Another way of putting it would be like this.
Let’s say you have 7 brothers and sisters. It doesn’t matter how many are which type. They remember that they all do different things.
Now, if you need all 7 siblings to do something, the non-Apple way would be to grab the boxes that the stuff is in, let’s say there are 80 boxes which is enough to make this seem very horrible to have to physically do.
As you physically move the 80 boxes from one room to another you get very tired from exerting a LOT of energy which makes you all hot and sweaty.

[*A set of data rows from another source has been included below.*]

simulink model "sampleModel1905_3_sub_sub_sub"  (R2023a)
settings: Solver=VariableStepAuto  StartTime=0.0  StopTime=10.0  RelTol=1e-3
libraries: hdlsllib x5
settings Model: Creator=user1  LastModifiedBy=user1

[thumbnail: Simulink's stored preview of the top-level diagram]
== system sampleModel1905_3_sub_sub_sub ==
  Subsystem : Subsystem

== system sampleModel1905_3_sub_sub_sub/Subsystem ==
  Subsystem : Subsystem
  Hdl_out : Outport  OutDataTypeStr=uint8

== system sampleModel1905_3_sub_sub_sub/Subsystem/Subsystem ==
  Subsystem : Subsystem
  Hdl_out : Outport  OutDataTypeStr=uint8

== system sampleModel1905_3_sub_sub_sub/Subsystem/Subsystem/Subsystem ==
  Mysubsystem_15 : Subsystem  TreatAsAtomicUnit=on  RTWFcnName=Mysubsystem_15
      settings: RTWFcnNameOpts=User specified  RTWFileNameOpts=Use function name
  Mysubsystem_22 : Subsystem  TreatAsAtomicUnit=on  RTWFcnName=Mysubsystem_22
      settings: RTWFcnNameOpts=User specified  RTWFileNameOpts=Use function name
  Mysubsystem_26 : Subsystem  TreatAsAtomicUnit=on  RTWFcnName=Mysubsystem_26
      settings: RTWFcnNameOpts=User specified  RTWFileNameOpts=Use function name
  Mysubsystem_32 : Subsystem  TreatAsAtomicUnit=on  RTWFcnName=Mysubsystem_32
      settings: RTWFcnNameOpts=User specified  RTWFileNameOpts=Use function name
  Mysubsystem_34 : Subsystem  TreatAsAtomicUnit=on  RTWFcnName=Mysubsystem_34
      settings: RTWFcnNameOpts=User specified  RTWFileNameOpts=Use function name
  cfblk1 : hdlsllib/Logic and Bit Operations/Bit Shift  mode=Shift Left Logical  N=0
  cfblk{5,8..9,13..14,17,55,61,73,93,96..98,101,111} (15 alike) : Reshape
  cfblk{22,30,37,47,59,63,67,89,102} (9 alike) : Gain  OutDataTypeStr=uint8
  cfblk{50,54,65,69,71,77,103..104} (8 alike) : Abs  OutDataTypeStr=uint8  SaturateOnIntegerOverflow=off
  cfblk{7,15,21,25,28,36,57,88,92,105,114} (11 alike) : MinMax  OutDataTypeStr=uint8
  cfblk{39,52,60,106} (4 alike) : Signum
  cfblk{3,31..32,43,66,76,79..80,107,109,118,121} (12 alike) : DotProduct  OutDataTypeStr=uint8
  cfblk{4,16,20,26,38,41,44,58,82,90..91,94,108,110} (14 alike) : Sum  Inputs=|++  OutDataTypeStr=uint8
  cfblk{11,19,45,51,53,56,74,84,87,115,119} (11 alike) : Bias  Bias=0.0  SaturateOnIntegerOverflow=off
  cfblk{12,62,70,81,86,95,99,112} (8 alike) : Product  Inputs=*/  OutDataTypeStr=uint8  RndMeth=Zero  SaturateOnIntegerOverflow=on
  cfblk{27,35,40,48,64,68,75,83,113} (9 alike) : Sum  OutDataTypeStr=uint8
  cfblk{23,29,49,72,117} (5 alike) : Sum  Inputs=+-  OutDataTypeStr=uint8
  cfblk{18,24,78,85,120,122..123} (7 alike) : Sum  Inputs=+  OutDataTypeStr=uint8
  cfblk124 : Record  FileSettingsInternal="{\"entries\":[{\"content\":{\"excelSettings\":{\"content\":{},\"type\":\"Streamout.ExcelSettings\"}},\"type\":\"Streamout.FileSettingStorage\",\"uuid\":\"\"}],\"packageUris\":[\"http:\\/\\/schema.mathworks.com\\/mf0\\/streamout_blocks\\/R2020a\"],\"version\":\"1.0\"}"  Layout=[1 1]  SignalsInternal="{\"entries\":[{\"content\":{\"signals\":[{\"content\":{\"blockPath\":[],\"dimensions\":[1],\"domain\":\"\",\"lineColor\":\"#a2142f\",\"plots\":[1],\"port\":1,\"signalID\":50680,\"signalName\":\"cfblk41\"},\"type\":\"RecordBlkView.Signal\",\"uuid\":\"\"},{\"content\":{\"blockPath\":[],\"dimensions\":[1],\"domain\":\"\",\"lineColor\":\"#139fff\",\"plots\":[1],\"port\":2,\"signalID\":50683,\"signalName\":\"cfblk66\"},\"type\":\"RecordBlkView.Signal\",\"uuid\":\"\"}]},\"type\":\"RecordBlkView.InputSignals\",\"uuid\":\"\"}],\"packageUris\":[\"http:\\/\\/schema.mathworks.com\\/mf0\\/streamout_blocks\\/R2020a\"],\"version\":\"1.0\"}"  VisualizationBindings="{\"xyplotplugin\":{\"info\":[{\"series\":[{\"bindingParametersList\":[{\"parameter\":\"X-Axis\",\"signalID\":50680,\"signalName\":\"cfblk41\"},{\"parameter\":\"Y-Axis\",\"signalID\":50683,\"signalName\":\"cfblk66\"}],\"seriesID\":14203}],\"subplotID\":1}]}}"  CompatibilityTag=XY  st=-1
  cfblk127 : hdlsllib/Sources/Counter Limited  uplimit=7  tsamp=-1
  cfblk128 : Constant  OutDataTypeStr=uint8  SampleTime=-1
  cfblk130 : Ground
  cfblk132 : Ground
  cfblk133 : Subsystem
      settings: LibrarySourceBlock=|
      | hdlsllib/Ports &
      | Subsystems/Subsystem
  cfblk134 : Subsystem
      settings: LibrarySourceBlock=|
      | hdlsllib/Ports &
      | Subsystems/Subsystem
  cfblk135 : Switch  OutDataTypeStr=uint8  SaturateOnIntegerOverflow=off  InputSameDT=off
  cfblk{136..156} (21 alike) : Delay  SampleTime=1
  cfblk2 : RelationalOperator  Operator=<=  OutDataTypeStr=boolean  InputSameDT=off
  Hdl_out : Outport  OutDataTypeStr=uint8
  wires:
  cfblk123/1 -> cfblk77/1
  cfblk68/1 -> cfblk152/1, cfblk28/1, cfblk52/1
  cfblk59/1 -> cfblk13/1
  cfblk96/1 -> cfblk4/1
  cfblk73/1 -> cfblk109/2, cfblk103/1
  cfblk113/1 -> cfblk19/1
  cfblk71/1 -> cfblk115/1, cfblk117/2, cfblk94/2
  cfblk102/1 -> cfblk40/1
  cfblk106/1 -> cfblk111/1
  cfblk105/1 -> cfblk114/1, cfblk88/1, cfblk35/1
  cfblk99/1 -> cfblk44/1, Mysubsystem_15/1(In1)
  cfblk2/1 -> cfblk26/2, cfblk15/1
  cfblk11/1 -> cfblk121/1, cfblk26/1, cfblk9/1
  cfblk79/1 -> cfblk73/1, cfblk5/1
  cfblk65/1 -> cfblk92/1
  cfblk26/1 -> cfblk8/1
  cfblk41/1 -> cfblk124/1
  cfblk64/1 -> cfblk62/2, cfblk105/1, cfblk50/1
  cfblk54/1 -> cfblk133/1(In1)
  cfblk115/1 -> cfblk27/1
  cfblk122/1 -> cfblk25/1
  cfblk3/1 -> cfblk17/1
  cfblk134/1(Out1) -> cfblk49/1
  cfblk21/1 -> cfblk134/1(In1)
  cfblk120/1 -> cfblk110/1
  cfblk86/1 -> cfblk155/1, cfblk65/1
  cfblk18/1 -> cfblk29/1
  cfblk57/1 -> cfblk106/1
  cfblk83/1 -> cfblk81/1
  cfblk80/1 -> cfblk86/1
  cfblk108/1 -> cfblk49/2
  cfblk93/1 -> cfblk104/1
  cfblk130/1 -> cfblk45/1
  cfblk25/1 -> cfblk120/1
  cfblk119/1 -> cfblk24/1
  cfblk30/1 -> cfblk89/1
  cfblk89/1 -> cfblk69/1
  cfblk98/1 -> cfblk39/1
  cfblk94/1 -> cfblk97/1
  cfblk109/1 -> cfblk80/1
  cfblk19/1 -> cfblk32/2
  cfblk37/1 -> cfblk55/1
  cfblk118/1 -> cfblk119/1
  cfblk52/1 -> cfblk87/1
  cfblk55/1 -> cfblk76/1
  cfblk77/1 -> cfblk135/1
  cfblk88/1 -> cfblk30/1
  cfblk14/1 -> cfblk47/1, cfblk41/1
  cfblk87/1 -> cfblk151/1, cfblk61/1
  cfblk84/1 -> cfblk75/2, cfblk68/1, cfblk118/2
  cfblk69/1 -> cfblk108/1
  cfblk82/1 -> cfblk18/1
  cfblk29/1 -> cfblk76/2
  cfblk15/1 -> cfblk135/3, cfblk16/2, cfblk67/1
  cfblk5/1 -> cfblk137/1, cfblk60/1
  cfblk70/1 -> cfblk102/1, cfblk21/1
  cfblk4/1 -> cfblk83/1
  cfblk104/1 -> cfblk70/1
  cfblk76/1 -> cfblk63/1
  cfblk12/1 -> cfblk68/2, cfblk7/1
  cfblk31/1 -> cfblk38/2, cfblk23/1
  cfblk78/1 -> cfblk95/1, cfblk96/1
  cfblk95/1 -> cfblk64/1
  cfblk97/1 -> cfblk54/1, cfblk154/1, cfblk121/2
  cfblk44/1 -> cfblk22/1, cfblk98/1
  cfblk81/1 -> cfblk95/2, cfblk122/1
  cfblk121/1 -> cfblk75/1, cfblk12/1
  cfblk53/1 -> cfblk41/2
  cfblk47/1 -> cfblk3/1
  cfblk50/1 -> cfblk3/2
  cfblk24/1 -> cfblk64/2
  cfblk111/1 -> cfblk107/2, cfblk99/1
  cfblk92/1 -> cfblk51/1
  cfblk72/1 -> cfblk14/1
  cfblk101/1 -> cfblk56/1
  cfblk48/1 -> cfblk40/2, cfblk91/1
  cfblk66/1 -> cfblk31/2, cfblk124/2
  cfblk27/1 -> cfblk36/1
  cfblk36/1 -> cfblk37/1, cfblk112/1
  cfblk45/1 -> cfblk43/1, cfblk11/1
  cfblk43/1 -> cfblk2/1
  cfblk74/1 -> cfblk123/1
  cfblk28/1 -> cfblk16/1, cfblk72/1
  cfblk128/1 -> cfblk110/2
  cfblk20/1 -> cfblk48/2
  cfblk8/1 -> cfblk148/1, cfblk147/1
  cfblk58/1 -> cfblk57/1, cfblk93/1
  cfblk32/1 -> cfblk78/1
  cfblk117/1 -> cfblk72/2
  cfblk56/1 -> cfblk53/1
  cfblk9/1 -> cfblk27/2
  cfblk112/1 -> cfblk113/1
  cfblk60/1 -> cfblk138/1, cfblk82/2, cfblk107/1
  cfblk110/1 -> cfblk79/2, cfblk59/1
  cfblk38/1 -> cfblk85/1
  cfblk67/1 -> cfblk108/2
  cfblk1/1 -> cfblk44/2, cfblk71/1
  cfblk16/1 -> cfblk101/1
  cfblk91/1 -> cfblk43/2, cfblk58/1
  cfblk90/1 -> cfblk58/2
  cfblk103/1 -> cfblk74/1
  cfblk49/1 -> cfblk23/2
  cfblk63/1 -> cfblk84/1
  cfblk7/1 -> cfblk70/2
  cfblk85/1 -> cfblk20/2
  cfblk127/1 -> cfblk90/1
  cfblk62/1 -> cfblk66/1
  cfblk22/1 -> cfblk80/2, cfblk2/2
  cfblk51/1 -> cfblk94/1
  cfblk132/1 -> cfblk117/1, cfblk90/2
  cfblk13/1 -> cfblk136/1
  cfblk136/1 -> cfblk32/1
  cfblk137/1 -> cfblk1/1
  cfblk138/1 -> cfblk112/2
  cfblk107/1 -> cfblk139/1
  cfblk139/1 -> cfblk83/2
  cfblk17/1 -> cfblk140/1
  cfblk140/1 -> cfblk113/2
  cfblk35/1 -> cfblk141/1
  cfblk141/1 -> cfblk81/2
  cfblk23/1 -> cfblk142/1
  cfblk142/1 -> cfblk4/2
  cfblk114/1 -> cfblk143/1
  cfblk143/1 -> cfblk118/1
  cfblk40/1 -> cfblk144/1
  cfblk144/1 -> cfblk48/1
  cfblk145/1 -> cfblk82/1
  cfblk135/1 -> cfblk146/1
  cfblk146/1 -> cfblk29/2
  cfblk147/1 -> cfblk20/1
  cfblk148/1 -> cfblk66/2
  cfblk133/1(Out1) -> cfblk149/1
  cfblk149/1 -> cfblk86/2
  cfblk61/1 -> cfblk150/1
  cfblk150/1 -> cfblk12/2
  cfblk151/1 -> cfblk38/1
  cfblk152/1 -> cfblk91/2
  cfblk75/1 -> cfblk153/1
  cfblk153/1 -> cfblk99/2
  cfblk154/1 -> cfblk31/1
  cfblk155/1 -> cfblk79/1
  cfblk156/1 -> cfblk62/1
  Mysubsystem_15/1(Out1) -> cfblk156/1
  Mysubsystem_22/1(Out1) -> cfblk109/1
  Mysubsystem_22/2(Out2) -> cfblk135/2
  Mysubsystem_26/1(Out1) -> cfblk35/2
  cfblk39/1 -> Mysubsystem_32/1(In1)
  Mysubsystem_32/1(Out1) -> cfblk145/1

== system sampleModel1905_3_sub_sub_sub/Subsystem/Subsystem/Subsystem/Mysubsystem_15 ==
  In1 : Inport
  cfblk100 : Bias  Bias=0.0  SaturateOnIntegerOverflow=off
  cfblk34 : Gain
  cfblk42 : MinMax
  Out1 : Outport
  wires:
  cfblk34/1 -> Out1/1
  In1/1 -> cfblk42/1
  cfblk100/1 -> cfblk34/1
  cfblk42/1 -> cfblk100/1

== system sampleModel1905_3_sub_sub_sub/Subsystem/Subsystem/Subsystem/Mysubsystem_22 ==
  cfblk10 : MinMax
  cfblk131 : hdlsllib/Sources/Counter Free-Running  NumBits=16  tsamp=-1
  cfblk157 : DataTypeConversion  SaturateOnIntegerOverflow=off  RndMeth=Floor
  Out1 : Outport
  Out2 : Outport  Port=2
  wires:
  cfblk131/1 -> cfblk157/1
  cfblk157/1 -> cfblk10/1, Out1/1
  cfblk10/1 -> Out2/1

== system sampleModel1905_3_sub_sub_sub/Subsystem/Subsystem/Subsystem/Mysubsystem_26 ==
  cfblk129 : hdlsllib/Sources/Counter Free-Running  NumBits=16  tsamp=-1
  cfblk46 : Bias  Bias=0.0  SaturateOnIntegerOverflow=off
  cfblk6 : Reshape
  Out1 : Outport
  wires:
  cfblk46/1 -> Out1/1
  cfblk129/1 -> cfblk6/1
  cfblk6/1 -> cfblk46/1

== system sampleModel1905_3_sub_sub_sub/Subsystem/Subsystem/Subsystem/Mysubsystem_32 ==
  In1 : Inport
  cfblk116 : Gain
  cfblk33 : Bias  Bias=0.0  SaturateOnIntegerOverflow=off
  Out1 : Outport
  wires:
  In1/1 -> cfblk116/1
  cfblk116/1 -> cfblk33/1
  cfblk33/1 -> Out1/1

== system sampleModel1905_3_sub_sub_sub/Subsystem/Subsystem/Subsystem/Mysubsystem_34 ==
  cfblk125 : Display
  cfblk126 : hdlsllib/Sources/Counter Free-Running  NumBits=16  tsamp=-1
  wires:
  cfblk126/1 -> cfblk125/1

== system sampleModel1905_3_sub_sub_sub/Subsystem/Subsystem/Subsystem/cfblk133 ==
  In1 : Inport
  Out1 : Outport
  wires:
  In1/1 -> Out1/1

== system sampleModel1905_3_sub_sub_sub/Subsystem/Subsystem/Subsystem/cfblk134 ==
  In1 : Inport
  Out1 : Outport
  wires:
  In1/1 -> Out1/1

Wouldn’t it just be a LOT smart to leave the boxes in one place and just have all your brothers and sisters come and go through the boxes and do whatever they need to do without having to move any of them? They can move stuff around in the boxes, they just wouldn’t the boxes as a whole unless they were moving them to a USB drive or something.
Nobody but nobody would get hot and sweaty in a room with plenty of space and fans blowing at the perfect speed to keep you nice and cool and happy and non-sweaty since you aren’t moving a whole lot of big boxes from room to room to room.